APC: It’s Delusional for Atiku to Expect Court to Upturn Tinubu’s Victory Based on Hearsay

Meanwhile, the APC has said it was delusional for  Atiku to expect  the court to rely on their bogus, flimsy and hearsay evidence to upturn Tinubu’s victory.

The National Publicity Secretary of the party, Felix Morka, in a statement issued yesterday insisted that the February 25 presidential election was conducted in substantial compliance with the Constitution and electoral laws of the land.

He described the press conference held by Atiku, as a long, windy, incoherent and preposterous speech unbefitting of a former vice president.

The spokesperson stressed that Atiku regurgitated his illusory claim that Tinubu did not win the February 25, 2023 presidential election.

Morka said rather, he soliloquised that they, “showed irrefutable evidence of gross irregularities, violence and manipulations during the elections,” allegations that were roundly dismissed by the Presidential Election Petitions Court and the Supreme Court as unsubstantiated and unproven.

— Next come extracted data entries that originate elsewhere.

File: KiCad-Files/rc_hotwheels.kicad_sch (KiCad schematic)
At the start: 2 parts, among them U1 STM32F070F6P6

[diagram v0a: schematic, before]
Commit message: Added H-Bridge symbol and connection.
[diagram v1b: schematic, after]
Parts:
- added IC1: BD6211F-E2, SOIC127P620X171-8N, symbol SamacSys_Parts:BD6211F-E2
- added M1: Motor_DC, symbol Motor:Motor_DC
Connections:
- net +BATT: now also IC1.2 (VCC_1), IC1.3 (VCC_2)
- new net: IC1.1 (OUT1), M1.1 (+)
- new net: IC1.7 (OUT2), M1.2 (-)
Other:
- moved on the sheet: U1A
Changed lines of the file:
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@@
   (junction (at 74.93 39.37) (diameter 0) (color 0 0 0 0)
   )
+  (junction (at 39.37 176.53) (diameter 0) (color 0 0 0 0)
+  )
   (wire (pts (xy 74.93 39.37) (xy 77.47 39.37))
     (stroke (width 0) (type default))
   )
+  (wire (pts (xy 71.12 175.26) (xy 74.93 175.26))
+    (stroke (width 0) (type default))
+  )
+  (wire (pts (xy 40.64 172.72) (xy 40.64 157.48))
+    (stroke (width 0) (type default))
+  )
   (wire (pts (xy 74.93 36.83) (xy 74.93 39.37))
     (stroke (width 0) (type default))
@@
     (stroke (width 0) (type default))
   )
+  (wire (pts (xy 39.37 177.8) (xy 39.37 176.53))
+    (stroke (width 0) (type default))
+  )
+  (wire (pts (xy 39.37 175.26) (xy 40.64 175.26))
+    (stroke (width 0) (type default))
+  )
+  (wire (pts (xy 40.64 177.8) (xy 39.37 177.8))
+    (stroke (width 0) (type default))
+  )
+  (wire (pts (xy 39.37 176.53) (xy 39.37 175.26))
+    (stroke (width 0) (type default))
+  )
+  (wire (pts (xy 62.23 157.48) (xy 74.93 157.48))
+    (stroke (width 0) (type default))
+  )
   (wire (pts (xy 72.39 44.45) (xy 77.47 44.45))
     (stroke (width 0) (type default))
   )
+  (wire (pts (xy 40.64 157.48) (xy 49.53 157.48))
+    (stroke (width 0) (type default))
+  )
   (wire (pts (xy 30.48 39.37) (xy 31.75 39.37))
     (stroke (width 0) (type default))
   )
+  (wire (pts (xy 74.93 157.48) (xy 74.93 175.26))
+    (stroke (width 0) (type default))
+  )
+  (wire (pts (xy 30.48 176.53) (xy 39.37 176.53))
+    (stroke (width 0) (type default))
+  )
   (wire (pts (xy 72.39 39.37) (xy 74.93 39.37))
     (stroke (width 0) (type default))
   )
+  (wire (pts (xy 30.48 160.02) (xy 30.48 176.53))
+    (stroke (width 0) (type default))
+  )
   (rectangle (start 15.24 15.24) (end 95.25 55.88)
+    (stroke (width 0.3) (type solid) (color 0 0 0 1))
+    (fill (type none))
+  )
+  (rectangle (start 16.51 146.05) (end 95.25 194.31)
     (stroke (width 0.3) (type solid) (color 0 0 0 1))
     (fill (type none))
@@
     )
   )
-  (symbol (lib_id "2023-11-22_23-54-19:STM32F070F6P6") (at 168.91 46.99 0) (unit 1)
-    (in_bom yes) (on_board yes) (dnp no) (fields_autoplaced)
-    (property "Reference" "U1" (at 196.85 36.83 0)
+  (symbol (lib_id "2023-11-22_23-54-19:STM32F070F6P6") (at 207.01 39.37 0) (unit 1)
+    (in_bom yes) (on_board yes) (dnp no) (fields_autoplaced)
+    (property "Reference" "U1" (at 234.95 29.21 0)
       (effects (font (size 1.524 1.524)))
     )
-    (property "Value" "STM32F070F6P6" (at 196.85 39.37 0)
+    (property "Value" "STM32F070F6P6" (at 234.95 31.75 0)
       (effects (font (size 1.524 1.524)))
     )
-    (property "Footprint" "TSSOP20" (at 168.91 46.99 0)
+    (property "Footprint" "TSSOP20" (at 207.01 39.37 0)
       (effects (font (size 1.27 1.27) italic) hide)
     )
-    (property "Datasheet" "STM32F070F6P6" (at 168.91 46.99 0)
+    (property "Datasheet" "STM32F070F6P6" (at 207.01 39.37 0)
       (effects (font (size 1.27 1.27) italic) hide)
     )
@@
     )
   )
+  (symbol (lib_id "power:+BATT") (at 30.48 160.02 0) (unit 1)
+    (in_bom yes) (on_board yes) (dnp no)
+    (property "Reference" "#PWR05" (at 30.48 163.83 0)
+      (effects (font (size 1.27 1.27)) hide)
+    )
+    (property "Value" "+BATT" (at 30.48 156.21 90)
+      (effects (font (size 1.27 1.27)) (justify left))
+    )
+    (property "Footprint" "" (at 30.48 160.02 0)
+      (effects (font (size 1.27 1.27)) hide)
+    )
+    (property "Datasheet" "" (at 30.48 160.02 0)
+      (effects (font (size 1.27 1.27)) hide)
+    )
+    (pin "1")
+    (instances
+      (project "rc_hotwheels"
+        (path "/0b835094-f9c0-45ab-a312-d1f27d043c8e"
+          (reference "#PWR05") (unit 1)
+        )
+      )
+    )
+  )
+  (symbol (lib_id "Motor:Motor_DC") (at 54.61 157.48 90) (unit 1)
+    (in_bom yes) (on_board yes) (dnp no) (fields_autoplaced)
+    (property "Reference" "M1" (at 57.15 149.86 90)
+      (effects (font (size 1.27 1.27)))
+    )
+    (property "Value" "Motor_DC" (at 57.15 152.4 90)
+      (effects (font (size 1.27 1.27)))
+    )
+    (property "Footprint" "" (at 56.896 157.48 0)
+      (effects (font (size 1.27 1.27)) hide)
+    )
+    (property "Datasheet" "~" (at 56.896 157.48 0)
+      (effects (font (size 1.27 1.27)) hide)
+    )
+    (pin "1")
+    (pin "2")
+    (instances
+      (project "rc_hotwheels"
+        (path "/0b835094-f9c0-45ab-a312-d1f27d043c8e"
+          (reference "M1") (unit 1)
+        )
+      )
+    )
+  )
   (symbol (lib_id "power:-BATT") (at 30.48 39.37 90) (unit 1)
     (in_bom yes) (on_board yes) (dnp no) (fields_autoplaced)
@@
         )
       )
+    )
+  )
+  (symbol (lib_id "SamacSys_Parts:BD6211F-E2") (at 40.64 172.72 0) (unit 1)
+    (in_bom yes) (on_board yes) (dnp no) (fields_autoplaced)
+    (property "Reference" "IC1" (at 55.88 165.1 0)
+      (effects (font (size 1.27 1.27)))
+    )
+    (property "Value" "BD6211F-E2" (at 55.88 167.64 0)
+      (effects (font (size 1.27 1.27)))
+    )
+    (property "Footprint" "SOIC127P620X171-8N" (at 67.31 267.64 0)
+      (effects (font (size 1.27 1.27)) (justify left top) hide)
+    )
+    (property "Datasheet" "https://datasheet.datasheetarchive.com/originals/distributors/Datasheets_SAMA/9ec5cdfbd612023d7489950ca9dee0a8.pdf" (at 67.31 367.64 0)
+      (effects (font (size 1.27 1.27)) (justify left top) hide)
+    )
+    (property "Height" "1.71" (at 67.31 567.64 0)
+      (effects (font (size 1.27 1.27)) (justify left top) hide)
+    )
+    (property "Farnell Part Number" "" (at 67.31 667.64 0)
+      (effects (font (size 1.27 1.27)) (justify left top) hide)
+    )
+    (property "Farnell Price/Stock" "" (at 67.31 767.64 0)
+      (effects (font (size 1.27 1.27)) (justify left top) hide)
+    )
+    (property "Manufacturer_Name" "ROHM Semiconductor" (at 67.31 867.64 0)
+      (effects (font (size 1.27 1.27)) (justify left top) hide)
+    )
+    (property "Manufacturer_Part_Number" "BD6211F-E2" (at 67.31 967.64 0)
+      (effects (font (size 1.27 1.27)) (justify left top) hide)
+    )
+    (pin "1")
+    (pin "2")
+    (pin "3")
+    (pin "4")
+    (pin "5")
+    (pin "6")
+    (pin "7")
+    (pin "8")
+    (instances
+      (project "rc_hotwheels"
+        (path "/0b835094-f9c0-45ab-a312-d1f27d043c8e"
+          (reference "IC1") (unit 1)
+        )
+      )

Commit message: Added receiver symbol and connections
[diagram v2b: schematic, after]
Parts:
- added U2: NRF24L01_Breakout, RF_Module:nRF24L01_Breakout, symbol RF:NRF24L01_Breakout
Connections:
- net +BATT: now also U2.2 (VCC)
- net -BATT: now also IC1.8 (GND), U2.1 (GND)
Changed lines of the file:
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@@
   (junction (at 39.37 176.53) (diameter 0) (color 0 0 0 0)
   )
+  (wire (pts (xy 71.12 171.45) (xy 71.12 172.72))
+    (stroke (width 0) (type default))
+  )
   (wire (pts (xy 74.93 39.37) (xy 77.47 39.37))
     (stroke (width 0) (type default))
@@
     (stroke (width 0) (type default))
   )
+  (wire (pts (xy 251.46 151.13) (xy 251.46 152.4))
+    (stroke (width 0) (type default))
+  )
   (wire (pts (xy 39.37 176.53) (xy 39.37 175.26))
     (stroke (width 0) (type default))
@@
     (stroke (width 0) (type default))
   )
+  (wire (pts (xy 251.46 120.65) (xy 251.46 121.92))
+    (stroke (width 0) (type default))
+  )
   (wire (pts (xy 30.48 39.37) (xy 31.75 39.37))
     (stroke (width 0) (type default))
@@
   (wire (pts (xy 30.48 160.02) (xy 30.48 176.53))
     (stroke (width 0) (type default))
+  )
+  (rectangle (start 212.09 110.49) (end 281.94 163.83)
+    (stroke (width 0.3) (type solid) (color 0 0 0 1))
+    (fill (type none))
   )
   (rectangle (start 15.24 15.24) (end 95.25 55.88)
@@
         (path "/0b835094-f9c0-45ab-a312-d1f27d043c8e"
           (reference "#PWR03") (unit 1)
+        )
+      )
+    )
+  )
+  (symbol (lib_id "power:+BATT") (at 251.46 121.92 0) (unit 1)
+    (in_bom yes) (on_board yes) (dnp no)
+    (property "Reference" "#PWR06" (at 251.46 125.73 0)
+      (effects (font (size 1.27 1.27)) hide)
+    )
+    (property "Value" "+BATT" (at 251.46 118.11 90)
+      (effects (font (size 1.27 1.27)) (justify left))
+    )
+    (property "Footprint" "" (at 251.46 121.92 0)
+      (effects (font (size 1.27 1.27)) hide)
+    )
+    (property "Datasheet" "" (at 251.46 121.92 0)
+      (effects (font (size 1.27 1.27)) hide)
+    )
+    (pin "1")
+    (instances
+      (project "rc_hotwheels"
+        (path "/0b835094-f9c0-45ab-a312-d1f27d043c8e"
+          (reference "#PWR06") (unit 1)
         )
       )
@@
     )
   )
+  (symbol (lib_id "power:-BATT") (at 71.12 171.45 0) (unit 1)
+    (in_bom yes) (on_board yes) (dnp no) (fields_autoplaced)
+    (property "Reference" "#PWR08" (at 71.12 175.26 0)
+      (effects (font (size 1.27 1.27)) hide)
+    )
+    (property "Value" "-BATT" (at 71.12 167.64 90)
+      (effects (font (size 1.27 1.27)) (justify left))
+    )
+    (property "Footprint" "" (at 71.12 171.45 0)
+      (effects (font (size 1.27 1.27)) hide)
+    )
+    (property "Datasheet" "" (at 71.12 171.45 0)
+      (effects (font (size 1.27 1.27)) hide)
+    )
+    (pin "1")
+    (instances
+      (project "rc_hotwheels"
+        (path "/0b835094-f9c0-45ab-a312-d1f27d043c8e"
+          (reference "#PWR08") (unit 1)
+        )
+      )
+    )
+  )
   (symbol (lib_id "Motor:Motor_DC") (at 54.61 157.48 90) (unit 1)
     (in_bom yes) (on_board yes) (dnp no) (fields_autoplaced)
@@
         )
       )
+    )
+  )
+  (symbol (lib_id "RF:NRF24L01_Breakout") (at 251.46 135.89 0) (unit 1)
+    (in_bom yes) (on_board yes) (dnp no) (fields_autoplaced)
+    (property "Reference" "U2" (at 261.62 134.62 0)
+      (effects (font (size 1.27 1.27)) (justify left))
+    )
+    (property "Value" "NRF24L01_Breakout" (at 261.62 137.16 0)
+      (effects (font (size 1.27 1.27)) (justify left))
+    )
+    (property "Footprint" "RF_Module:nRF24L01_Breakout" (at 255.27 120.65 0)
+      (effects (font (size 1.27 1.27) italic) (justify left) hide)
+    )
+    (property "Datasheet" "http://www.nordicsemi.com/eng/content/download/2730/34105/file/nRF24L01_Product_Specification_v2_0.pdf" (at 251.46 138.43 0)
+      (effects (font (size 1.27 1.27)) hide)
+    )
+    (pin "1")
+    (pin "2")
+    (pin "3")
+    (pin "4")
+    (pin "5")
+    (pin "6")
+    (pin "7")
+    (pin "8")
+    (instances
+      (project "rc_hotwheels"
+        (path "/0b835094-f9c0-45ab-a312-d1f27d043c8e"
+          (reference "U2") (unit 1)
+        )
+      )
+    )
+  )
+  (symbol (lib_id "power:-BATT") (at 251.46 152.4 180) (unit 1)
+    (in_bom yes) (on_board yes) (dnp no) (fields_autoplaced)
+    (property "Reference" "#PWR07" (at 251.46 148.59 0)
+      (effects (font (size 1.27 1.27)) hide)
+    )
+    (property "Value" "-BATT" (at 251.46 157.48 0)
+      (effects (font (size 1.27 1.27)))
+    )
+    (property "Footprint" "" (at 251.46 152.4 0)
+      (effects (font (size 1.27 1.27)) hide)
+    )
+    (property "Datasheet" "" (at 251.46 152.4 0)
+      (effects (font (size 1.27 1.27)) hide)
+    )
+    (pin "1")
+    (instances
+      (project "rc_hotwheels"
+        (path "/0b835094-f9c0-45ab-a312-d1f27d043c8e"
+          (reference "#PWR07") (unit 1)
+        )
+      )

He noted: “It is delusional for Atiku, and his degenerate PDP, to have expected  the courts to rely on their bogus, flimsy, unverifiable, uncorroborated, illogical and hearsay evidence to upturn an election that was conducted in substantial compliance with the Constitution and electoral laws of our land. Thankfully, it does not lie in Atiku’s mouth to declare what constitutes “incontrovertible evidence.”

Morka, added that nowhere in Atiku’s long epistle did he state that he won the election, corroborating the courts’ finding and decision that he did not, in fact, win the election.

He noted: “For a serial election loser whose life ambition is to rule the country, we understand how pained and utterly distraught Atiku must be. 

“However, to continue to deny and disrespect the collective will of Nigerians, disparage the judiciary, incite rage and call our democratic institutions into question is beyond the pale.

“Why is it so hard for Atiku to accept the popular choice of the electorate and the valid decisions of the courts? How is it that a man of his stature can be so befuddled to this disturbing level of election and judicial denialism? Would Atiku vilify the judiciary as he is doing had he won the election and upheld by the courts as winner?

“Atiku, you are right that this is not and cannot be all about you. Yes, it is about country Nigeria. Nigeria is greater than your unrealized ambition to be president. Nigeria must move and has moved on.”